Eu me diverti também subindo outra montanha chamada First, no movimentado vilarejo de Grindelwald. Porém agora de teleférico, pois desejava fazer uma caminhada na parte alta até uma região de lagos. Foi o que fiz, caminhei muito por lindas trilhas, de onde se via lá em baixo alguns vilarejos, florestas de eucaliptos e pequenas fazendas. O céu estava colorido, não só com o azul turquesa, mas repleto de objetos coloridos que se moviam majestosamente. Eram parapentes de todas as cores e tamanhos. Eles subiam e desciam como queriam, aproveitando as ótimas térmicas daquele vale encravado nas montanhas. Alguns se arriscavam com rasantes muito próximos de onde eu caminhava, assustando as enormes vacas leiteiras que por lá pastavam. Chegando ao lago escuro e frio, lá me sentei a sua margem – assim como muitas famílias – para comer meu sanduíche improvisado. Enquanto comia e observava algumas pessoas pescando, meu pensamento fluía em todas as direções. Dei-me conta do quanto estava sentindo falta da Karina e como gostaria de compartilhar com ela aquele visual cinematográfico.

Viajar sozinho é bom. Fiz muito isso. É diferente, não melhor ou pior do que viajar acompanhado. Na verdade, viajar bem acompanhado, porque não há nada pior do que gastar momentos preciosos de suas férias com uma má companhia. Quando se viaja sozinho há naturalmente maior introspecção, mais insights e reflexão. Também, durante uma viagem independente, está-se mais aberto as pessoas. Temos mais facilidade de fazer novas amizades e compartilhar experiências, seja com locais ou outros viajantes. Porém, aquela viagem era nossa, nosso projeto, nosso sonho, era algo para ser dividido, vivido junto.

Deixei o lago para trás e continuei caminhando até que minhas pernas começaram fatigar. Como sabia que havia teleférico para todo lado, fui caminhando até onde eu aguentasse. Cansado, dirigi-me à cabine mais próxima. Lá descobri que havia patinetes para alugar. Sendo assim, desci uma estreita trilha asfaltada montanha abaixo, cruzando pequenos sítios até chegar à base do teleférico. Foi muito divertido! Os suíços são demais!

A cirurgia do Nelso – pai da Karina – havia sido um sucesso. Ao invés de retirar o único rim, os médicos o retiram, extraíram o tumor e o reimplantaram. Os dedicados e competentes médicos realizaram um grande feito!

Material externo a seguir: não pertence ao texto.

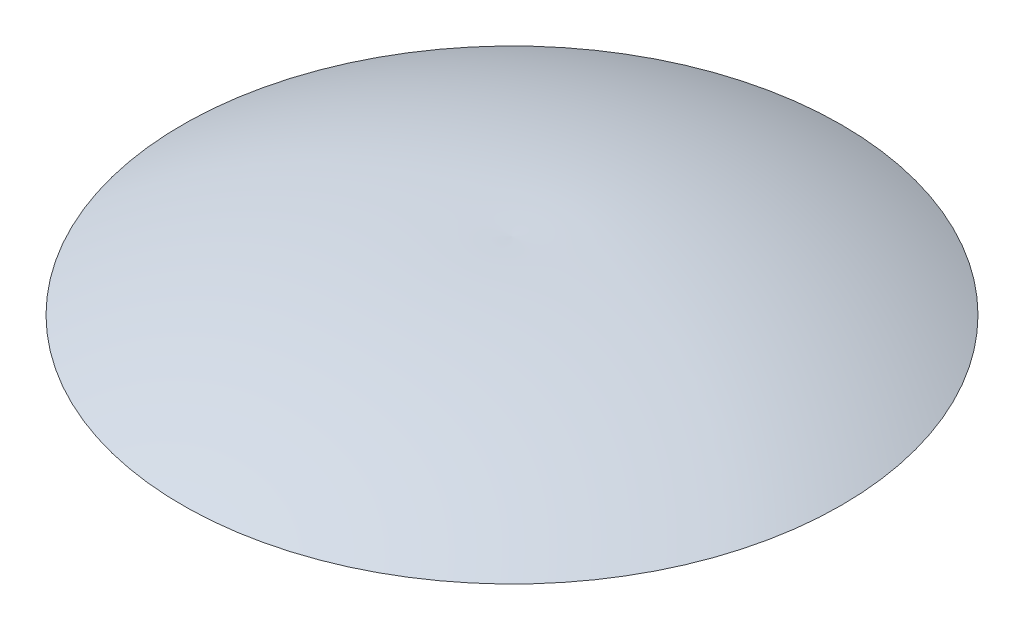
ISO-10303-21;
HEADER;
FILE_DESCRIPTION(('STEP AP214'),'2;1');
FILE_NAME('part.step','',(''),(''),'','','');
FILE_SCHEMA(('AUTOMOTIVE_DESIGN { 1 0 10303 214 1 1 1 1 }'));
ENDSEC;
DATA;
#1=APPLICATION_CONTEXT('core data for automotive mechanical design processes');
#2=APPLICATION_PROTOCOL_DEFINITION('international standard','automotive_design',2000,#1);
#3=PRODUCT_CONTEXT('',#1,'mechanical');
#4=PRODUCT('Part','Part','',(#3));
#5=PRODUCT_RELATED_PRODUCT_CATEGORY('part','',(#4));
#6=PRODUCT_DEFINITION_FORMATION('','',#4);
#7=PRODUCT_DEFINITION_CONTEXT('part definition',#1,'design');
#8=PRODUCT_DEFINITION('design','',#6,#7);
#9=PRODUCT_DEFINITION_SHAPE('','',#8);
#10=(LENGTH_UNIT() NAMED_UNIT(*) SI_UNIT(.MILLI.,.METRE.));
#11=(NAMED_UNIT(*) PLANE_ANGLE_UNIT() SI_UNIT($,.RADIAN.));
#12=(NAMED_UNIT(*) SI_UNIT($,.STERADIAN.) SOLID_ANGLE_UNIT());
#13=UNCERTAINTY_MEASURE_WITH_UNIT(LENGTH_MEASURE(1.E-05),#10,'distance_accuracy_value','');
#14=(GEOMETRIC_REPRESENTATION_CONTEXT(3) GLOBAL_UNCERTAINTY_ASSIGNED_CONTEXT((#13)) GLOBAL_UNIT_ASSIGNED_CONTEXT((#10,
#11,#12)) REPRESENTATION_CONTEXT('',''));
#15=CARTESIAN_POINT('',(0.,0.,0.));
#16=DIRECTION('',(0.,0.,1.));
#17=DIRECTION('',(1.,0.,0.));
#18=AXIS2_PLACEMENT_3D('',#15,#16,#17);
#19=CARTESIAN_POINT('',(0.,0.,0.));
#20=DIRECTION('',(0.,-1.,0.));
#21=DIRECTION('',(0.,0.,-1.));
#22=AXIS2_PLACEMENT_3D('',#19,#20,#21);
#23=PLANE('',#22);
#24=CARTESIAN_POINT('',(0.,0.,0.));
#25=DIRECTION('',(0.,-1.,0.));
#26=DIRECTION('',(0.,0.,-1.));
#27=AXIS2_PLACEMENT_3D('',#24,#25,#26);
#28=CIRCLE('',#27,6.74623999999999);
#29=CARTESIAN_POINT('',(0.,0.,-6.74623999999999));
#30=VERTEX_POINT('',#29);
#31=EDGE_CURVE('E66',#30,#30,#28,.T.);
#32=ORIENTED_EDGE('',*,*,#31,.F.);
#33=EDGE_LOOP('',(#32));
#34=FACE_BOUND('',#33,.T.);
#35=CARTESIAN_POINT('',(0.,0.,0.));
#36=DIRECTION('',(0.,-1.,0.));
#37=DIRECTION('',(0.,0.,-1.));
#38=AXIS2_PLACEMENT_3D('',#35,#36,#37);
#39=CIRCLE('',#38,34.925);
#40=CARTESIAN_POINT('',(0.,0.,-34.925));
#41=VERTEX_POINT('',#40);
#42=EDGE_CURVE('E74',#41,#41,#39,.T.);
#43=ORIENTED_EDGE('',*,*,#42,.T.);
#44=EDGE_LOOP('',(#43));
#45=FACE_BOUND('',#44,.T.);
#46=ADVANCED_FACE('F34',(#34,#45),#23,.T.);
#47=CARTESIAN_POINT('',(92.075,31.75,0.));
#48=CARTESIAN_POINT('',(49.2369184044142,53.1166117974646,0.));
#49=CARTESIAN_POINT('',(0.,50.8,0.));
#50=B_SPLINE_CURVE_WITH_KNOTS('',2,(#47,#48,#49),.UNSPECIFIED.,.F.,.F.,(3,3),(0.,1.),.UNSPECIFIED.);
#51=CARTESIAN_POINT('',(0.,31.75,0.));
#52=DIRECTION('',(0.,-1.,0.));
#53=AXIS1_PLACEMENT('',#51,#52);
#54=SURFACE_OF_REVOLUTION('',#50,#53);
#55=CARTESIAN_POINT('',(0.,50.8,0.));
#56=VERTEX_POINT('',#55);
#57=VERTEX_LOOP('',#56);
#58=FACE_BOUND('',#57,.T.);
#59=CARTESIAN_POINT('',(0.,31.75,0.));
#60=DIRECTION('',(0.,-1.,0.));
#61=DIRECTION('',(0.,0.,-1.));
#62=AXIS2_PLACEMENT_3D('',#59,#60,#61);
#63=CIRCLE('',#62,92.075);
#64=CARTESIAN_POINT('',(0.,31.75,-92.075));
#65=VERTEX_POINT('',#64);
#66=EDGE_CURVE('E46',#65,#65,#63,.T.);
#67=ORIENTED_EDGE('',*,*,#66,.F.);
#68=EDGE_LOOP('',(#67));
#69=FACE_BOUND('',#68,.T.);
#70=ADVANCED_FACE('F90',(#58,#69),#54,.F.);
#71=CARTESIAN_POINT('',(44.45,12.7,0.));
#72=CARTESIAN_POINT('',(69.7506104319969,18.1599350568815,0.));
#73=CARTESIAN_POINT('',(92.075,31.75,0.));
#74=B_SPLINE_CURVE_WITH_KNOTS('',2,(#71,#72,#73),.UNSPECIFIED.,.F.,.F.,(3,3),(0.,1.),.UNSPECIFIED.);
#75=CARTESIAN_POINT('',(0.,31.75,0.));
#76=DIRECTION('',(0.,-1.,0.));
#77=AXIS1_PLACEMENT('',#75,#76);
#78=SURFACE_OF_REVOLUTION('',#74,#77);
#79=ORIENTED_EDGE('',*,*,#66,.T.);
#80=EDGE_LOOP('',(#79));
#81=FACE_BOUND('',#80,.T.);
#82=CARTESIAN_POINT('',(0.,12.7,0.));
#83=DIRECTION('',(0.,-1.,0.));
#84=DIRECTION('',(0.,0.,-1.));
#85=AXIS2_PLACEMENT_3D('',#82,#83,#84);
#86=CIRCLE('',#85,44.45);
#87=CARTESIAN_POINT('',(0.,12.7,-44.45));
#88=VERTEX_POINT('',#87);
#89=EDGE_CURVE('E102',#88,#88,#86,.T.);
#90=ORIENTED_EDGE('',*,*,#89,.F.);
#91=EDGE_LOOP('',(#90));
#92=FACE_BOUND('',#91,.T.);
#93=ADVANCED_FACE('F87',(#81,#92),#78,.F.);
#94=CARTESIAN_POINT('',(0.,0.,0.));
#95=DIRECTION('',(0.,1.,0.));
#96=DIRECTION('',(0.,0.,1.));
#97=AXIS2_PLACEMENT_3D('',#94,#95,#96);
#98=CONICAL_SURFACE('',#97,34.925,0.643501108793284);
#99=CARTESIAN_POINT('',(-39.1097914830597,5.58076275695732,-0.247098392862596));
#100=CARTESIAN_POINT('',(-39.0302156188654,5.4745263693408,-0.230883964768263));
#101=CARTESIAN_POINT('',(-38.95144681485,5.36927905233993,-0.203439402888023));
#102=CARTESIAN_POINT('',(-38.7977249521417,5.16388529927337,-0.126836508878099));
#103=CARTESIAN_POINT('',(-38.722776533864,5.06374506643408,-0.0776524404008542));
#104=CARTESIAN_POINT('',(-38.5787658882346,4.87165641929498,0.0409937978895639));
#105=CARTESIAN_POINT('',(-38.5097006587945,4.77970382588734,0.110445544406168));
#106=CARTESIAN_POINT('',(-38.3791891190264,4.60672194289519,0.267634899931323));
#107=CARTESIAN_POINT('',(-38.3177409938501,4.52569005094574,0.355368139791067));
#108=CARTESIAN_POINT('',(-38.2039006735314,4.37692147382021,0.546715964909872));
#109=CARTESIAN_POINT('',(-38.1515160203464,4.3091958548578,0.650343642385449));
#110=CARTESIAN_POINT('',(-38.0571193929553,4.18921591602772,0.870485317638518));
#111=CARTESIAN_POINT('',(-38.0151078024814,4.13696216849913,0.986999791908466));
#112=CARTESIAN_POINT('',(-37.9424569881173,4.04957122665621,1.22958770746755));
#113=CARTESIAN_POINT('',(-37.9118166955665,4.01443242380343,1.35566024915955));
#114=CARTESIAN_POINT('',(-37.8626308645981,3.96237885710568,1.61378463240449));
#115=CARTESIAN_POINT('',(-37.844085209582,3.94546391757235,1.74583641630139));
#116=CARTESIAN_POINT('',(-37.819558069238,3.93040642297335,2.01200883029451));
#117=CARTESIAN_POINT('',(-37.8135625729266,3.93224292034107,2.14612698474037));
#118=CARTESIAN_POINT('',(-37.8142721104321,3.95457908452192,2.41276541562187));
#119=CARTESIAN_POINT('',(-37.8209770939314,3.97507867739443,2.54528569838597));
#120=CARTESIAN_POINT('',(-37.8469785733538,4.03407727555278,2.80492465522841));
#121=CARTESIAN_POINT('',(-37.8662705401024,4.07256980502766,2.93204525475707));
#122=CARTESIAN_POINT('',(-37.9170495624634,4.16633745165633,3.17734694067508));
#123=CARTESIAN_POINT('',(-37.9485367148318,4.22161270196273,3.29552795612928));
#124=CARTESIAN_POINT('',(-38.0230573492084,4.34728505425784,3.51973342979011));
#125=CARTESIAN_POINT('',(-38.0661021770979,4.41769700195005,3.62574579556967));
#126=CARTESIAN_POINT('',(-38.1627372586128,4.57144285095898,3.82249384480039));
#127=CARTESIAN_POINT('',(-38.2163275576628,4.65477680793702,3.91322946244373));
#128=CARTESIAN_POINT('',(-38.3328088436555,4.83190420931864,4.07692685554425));
#129=CARTESIAN_POINT('',(-38.3957066062672,4.92570526124549,4.14987557915252));
#130=CARTESIAN_POINT('',(-38.5291881925226,5.12091003154347,4.27584823949298));
#131=CARTESIAN_POINT('',(-38.5997719807499,5.2223137148819,4.32887226803084));
#132=CARTESIAN_POINT('',(-38.7467159395336,5.42966640479138,4.4134618704213));
#133=CARTESIAN_POINT('',(-38.8230722216632,5.53561233118748,4.44504174869385));
#134=CARTESIAN_POINT('',(-38.9795073051832,5.74904449822497,4.48590140769758));
#135=CARTESIAN_POINT('',(-39.0595860831568,5.85653072917401,4.4951813286891));
#136=CARTESIAN_POINT('',(-39.2211111805142,6.06988389026064,4.49117893936555));
#137=CARTESIAN_POINT('',(-39.302556126616,6.17575226344687,4.47791808218736));
#138=CARTESIAN_POINT('',(-39.4645044057405,6.38302487885103,4.42925161779637));
#139=CARTESIAN_POINT('',(-39.5450077369917,6.48442911267171,4.39384596893008));
#140=CARTESIAN_POINT('',(-39.7026777432474,6.68002730133749,4.30188029027803));
#141=CARTESIAN_POINT('',(-39.7798435517283,6.77421938851943,4.24531480309413));
#142=CARTESIAN_POINT('',(-39.9284534619476,6.95283642651115,4.11262721192361));
#143=CARTESIAN_POINT('',(-39.9998975255201,7.03726131217218,4.03650497750137));
#144=CARTESIAN_POINT('',(-40.1349086577147,7.19419376474691,3.86675985612908));
#145=CARTESIAN_POINT('',(-40.1984675494269,7.26668898562433,3.77311905061332));
#146=CARTESIAN_POINT('',(-40.3156124236,7.39776016236401,3.57102823107899));
#147=CARTESIAN_POINT('',(-40.369198386304,7.45633609065162,3.46257818772341));
#148=CARTESIAN_POINT('',(-40.4646967693817,7.55806049754061,3.23390264112232));
#149=CARTESIAN_POINT('',(-40.5066064558169,7.60120536371033,3.11367438896358));
#150=CARTESIAN_POINT('',(-40.5773888787468,7.6709327848046,2.86486762715966));
#151=CARTESIAN_POINT('',(-40.6062617045733,7.69751545321805,2.73628917473909));
#152=CARTESIAN_POINT('',(-40.6500281120404,7.73341738954163,2.47454603528559));
#153=CARTESIAN_POINT('',(-40.6649338248022,7.74275164540559,2.34138543250127));
#154=CARTESIAN_POINT('',(-40.6803486810637,7.74396213124021,2.07415482479247));
#155=CARTESIAN_POINT('',(-40.6808578620848,7.7358384067114,1.94008482223906));
#156=CARTESIAN_POINT('',(-40.6675019326367,7.70235308626437,1.67493391314521));
#157=CARTESIAN_POINT('',(-40.6536461137522,7.6770026366071,1.54385113042192));
#158=CARTESIAN_POINT('',(-40.6120652230495,7.60972737193164,1.28830562633715));
#159=CARTESIAN_POINT('',(-40.5843400759185,7.56780246691158,1.16384294092799));
#160=CARTESIAN_POINT('',(-40.5159387762225,7.4684306699892,0.925001166118774));
#161=CARTESIAN_POINT('',(-40.4752553825209,7.41097510219403,0.810627760402362));
#162=CARTESIAN_POINT('',(-40.3822860551547,7.28204262700732,0.595291285737196));
#163=CARTESIAN_POINT('',(-40.3300004905415,7.21056616561235,0.494327790398181));
#164=CARTESIAN_POINT('',(-40.2154671679103,7.05539324926631,0.308595807092394));
#165=CARTESIAN_POINT('',(-40.153211290263,6.97168683939753,0.223840643376585));
#166=CARTESIAN_POINT('',(-40.0207191954711,6.79428662172312,0.0730248472669457));
#167=CARTESIAN_POINT('',(-39.9504810459595,6.70059039590036,0.00696875515635962));
#168=CARTESIAN_POINT('',(-39.8041946246849,6.50572343083859,-0.104552708917283));
#169=CARTESIAN_POINT('',(-39.7281442113619,6.40454993701711,-0.150010448143742));
#170=CARTESIAN_POINT('',(-39.5726116311289,6.19760228105639,-0.218950067713439));
#171=CARTESIAN_POINT('',(-39.4931336482752,6.09183372703342,-0.242457990008649));
#172=CARTESIAN_POINT('',(-39.3626380708978,5.91801633503232,-0.262409243666245));
#173=CARTESIAN_POINT('',(-39.3119322159998,5.85043954773353,-0.265635911579234));
#174=CARTESIAN_POINT('',(-39.2106407364236,5.71536455474689,-0.263101354908478));
#175=CARTESIAN_POINT('',(-39.1600551115973,5.64786634896232,-0.25734014139949));
#176=CARTESIAN_POINT('',(-39.1097914830597,5.58076275695732,-0.247098392862596));
#177=B_SPLINE_CURVE_WITH_KNOTS('',3,(#99,#100,#101,#102,#103,#104,#105,#106,#107,#108,#109,#110,
#111,#112,#113,#114,#115,#116,#117,#118,#119,#120,#121,#122,#123,#124,#125,#126,#127,#128,#129,
#130,#131,#132,#133,#134,#135,#136,#137,#138,#139,#140,#141,#142,#143,#144,#145,#146,#147,#148,
#149,#150,#151,#152,#153,#154,#155,#156,#157,#158,#159,#160,#161,#162,#163,#164,#165,#166,#167,
#168,#169,#170,#171,#172,#173,#174,#175,#176),.UNSPECIFIED.,.T.,.F.,(4,2,2,2,2,2,2,2,2,2,2,2,2,
2,2,2,2,2,2,2,2,2,2,2,2,2,2,2,2,2,2,2,2,2,2,2,2,2,4),(0.,0.400855563732254,0.802186957291368,
1.20331231608986,1.60434191846492,2.00570363989225,2.40708020673158,2.80841904313769,
3.20975401037588,3.61064068821779,4.01152577780863,4.41226669640532,4.8130107945277,
5.21414974060841,5.61529041463592,6.01672456185357,6.41815685938747,6.81932111590076,
7.22048284919923,7.62126299142902,8.02204388751272,8.42292822156171,8.823815229417,
9.22511454187724,9.62641464932051,10.0278086402437,10.4291998806703,10.8302421691279,
11.2312834123551,11.6320654153956,12.0328495947749,12.4338581285499,12.8348539085417,
13.2361779280339,13.6375993087695,14.0391693151327,14.4402622785826,14.6934606595663,
14.9466587285624),.UNSPECIFIED.);
#178=CARTESIAN_POINT('',(-39.1097914830597,5.58076275695732,-0.247098392862596));
#179=VERTEX_POINT('',#178);
#180=EDGE_CURVE('E11',#179,#179,#177,.T.);
#181=ORIENTED_EDGE('',*,*,#180,.F.);
#182=EDGE_LOOP('',(#181));
#183=FACE_BOUND('',#182,.T.);
#184=ORIENTED_EDGE('',*,*,#89,.T.);
#185=EDGE_LOOP('',(#184));
#186=FACE_BOUND('',#185,.T.);
#187=ORIENTED_EDGE('',*,*,#42,.F.);
#188=EDGE_LOOP('',(#187));
#189=FACE_BOUND('',#188,.T.);
#190=ADVANCED_FACE('F89',(#183,#186,#189),#98,.T.);
#191=CARTESIAN_POINT('',(0.,19.05,0.));
#192=DIRECTION('',(0.,-1.,0.));
#193=DIRECTION('',(0.,0.,-1.));
#194=AXIS2_PLACEMENT_3D('',#191,#192,#193);
#195=CONICAL_SURFACE('',#194,6.74623999999999,1.02974425867665);
#196=CARTESIAN_POINT('',(0.,23.1035499425085,0.));
#197=VERTEX_POINT('',#196);
#198=VERTEX_LOOP('',#197);
#199=FACE_BOUND('',#198,.T.);
#200=CARTESIAN_POINT('',(0.,19.05,0.));
#201=DIRECTION('',(0.,-1.,0.));
#202=DIRECTION('',(0.,0.,-1.));
#203=AXIS2_PLACEMENT_3D('',#200,#201,#202);
#204=CIRCLE('',#203,6.74623999999999);
#205=CARTESIAN_POINT('',(0.,19.05,-6.74623999999999));
#206=VERTEX_POINT('',#205);
#207=EDGE_CURVE('E69',#206,#206,#204,.T.);
#208=ORIENTED_EDGE('',*,*,#207,.T.);
#209=EDGE_LOOP('',(#208));
#210=FACE_BOUND('',#209,.T.);
#211=ADVANCED_FACE('F110',(#199,#210),#195,.F.);
#212=CARTESIAN_POINT('',(0.,0.,0.));
#213=DIRECTION('',(0.,-1.,0.));
#214=DIRECTION('',(0.,0.,-1.));
#215=AXIS2_PLACEMENT_3D('',#212,#213,#214);
#216=CYLINDRICAL_SURFACE('',#215,6.74623999999999);
#217=ORIENTED_EDGE('',*,*,#207,.F.);
#218=EDGE_LOOP('',(#217));
#219=FACE_BOUND('',#218,.T.);
#220=ORIENTED_EDGE('',*,*,#31,.T.);
#221=EDGE_LOOP('',(#220));
#222=FACE_BOUND('',#221,.T.);
#223=ADVANCED_FACE('F60',(#219,#222),#216,.F.);
#224=CARTESIAN_POINT('',(-29.1014895298559,13.4583884328563,1.56967509949602));
#225=DIRECTION('',(-0.798838811482965,-0.6,0.0430877391897539));
#226=DIRECTION('',(0.600557742710097,-0.799581389022377,0.));
#227=AXIS2_PLACEMENT_3D('',#224,#225,#226);
#228=CONICAL_SURFACE('',#227,2.38125,1.02974425867665);
#229=CARTESIAN_POINT('',(-27.9585114783827,14.3168680422919,1.50802519031088));
#230=VERTEX_POINT('',#229);
#231=VERTEX_LOOP('',#230);
#232=FACE_BOUND('',#231,.T.);
#233=CARTESIAN_POINT('',(-29.1014895298559,13.4583884328563,1.56967509949602));
#234=DIRECTION('',(-0.798838811482965,-0.6,0.0430877391897539));
#235=DIRECTION('',(0.600557742710097,-0.799581389022377,0.));
#236=AXIS2_PLACEMENT_3D('',#233,#234,#235);
#237=CIRCLE('',#236,2.38125);
#238=CARTESIAN_POINT('',(-27.6714114050275,11.5543852502468,1.56967509949602));
#239=VERTEX_POINT('',#238);
#240=EDGE_CURVE('E64',#239,#239,#237,.T.);
#241=ORIENTED_EDGE('',*,*,#240,.T.);
#242=EDGE_LOOP('',(#241));
#243=FACE_BOUND('',#242,.T.);
#244=ADVANCED_FACE('F56',(#232,#243),#228,.F.);
#245=CARTESIAN_POINT('',(-39.2467424356896,5.8383884328563,2.1168893872059));
#246=DIRECTION('',(-0.798838811482965,-0.6,0.0430877391897539));
#247=DIRECTION('',(0.600557742710097,-0.799581389022377,0.));
#248=AXIS2_PLACEMENT_3D('',#245,#246,#247);
#249=CYLINDRICAL_SURFACE('',#248,2.38125);
#250=ORIENTED_EDGE('',*,*,#180,.T.);
#251=EDGE_LOOP('',(#250));
#252=FACE_BOUND('',#251,.T.);
#253=ORIENTED_EDGE('',*,*,#240,.F.);
#254=EDGE_LOOP('',(#253));
#255=FACE_BOUND('',#254,.T.);
#256=ADVANCED_FACE('F59',(#252,#255),#249,.F.);
#257=CLOSED_SHELL('',(#46,#70,#93,#190,#211,#223,#244,#256));
#258=MANIFOLD_SOLID_BREP('B2',#257);
#259=ADVANCED_BREP_SHAPE_REPRESENTATION('',(#18,#258),#14);
#260=SHAPE_DEFINITION_REPRESENTATION(#9,#259);
ENDSEC;
END-ISO-10303-21;

Como sempre, Nelso estava se recuperando bem e seu rim voltou a funcionar normalmente. Ele ainda estava na UTI e havia muita coisa pela frente, mas o clima de felicidade e otimismo tomou conta de todos nós. Com coração aliviado, viajei tranquilo de trem para Itália, uma viagem linda pela ferrovia chamada Centovalli (“Cem Vales”). O trem percorre longos túneis que passa por debaixo dos Alpes até chegar à espetacular região do lago Maggiore. O aspecto das construções e das pessoas, assim como o idioma, era outro, dando uma vontade de explorar aquele país. Mas não agora. Meu destino já estava traçado e a direção era a Grécia.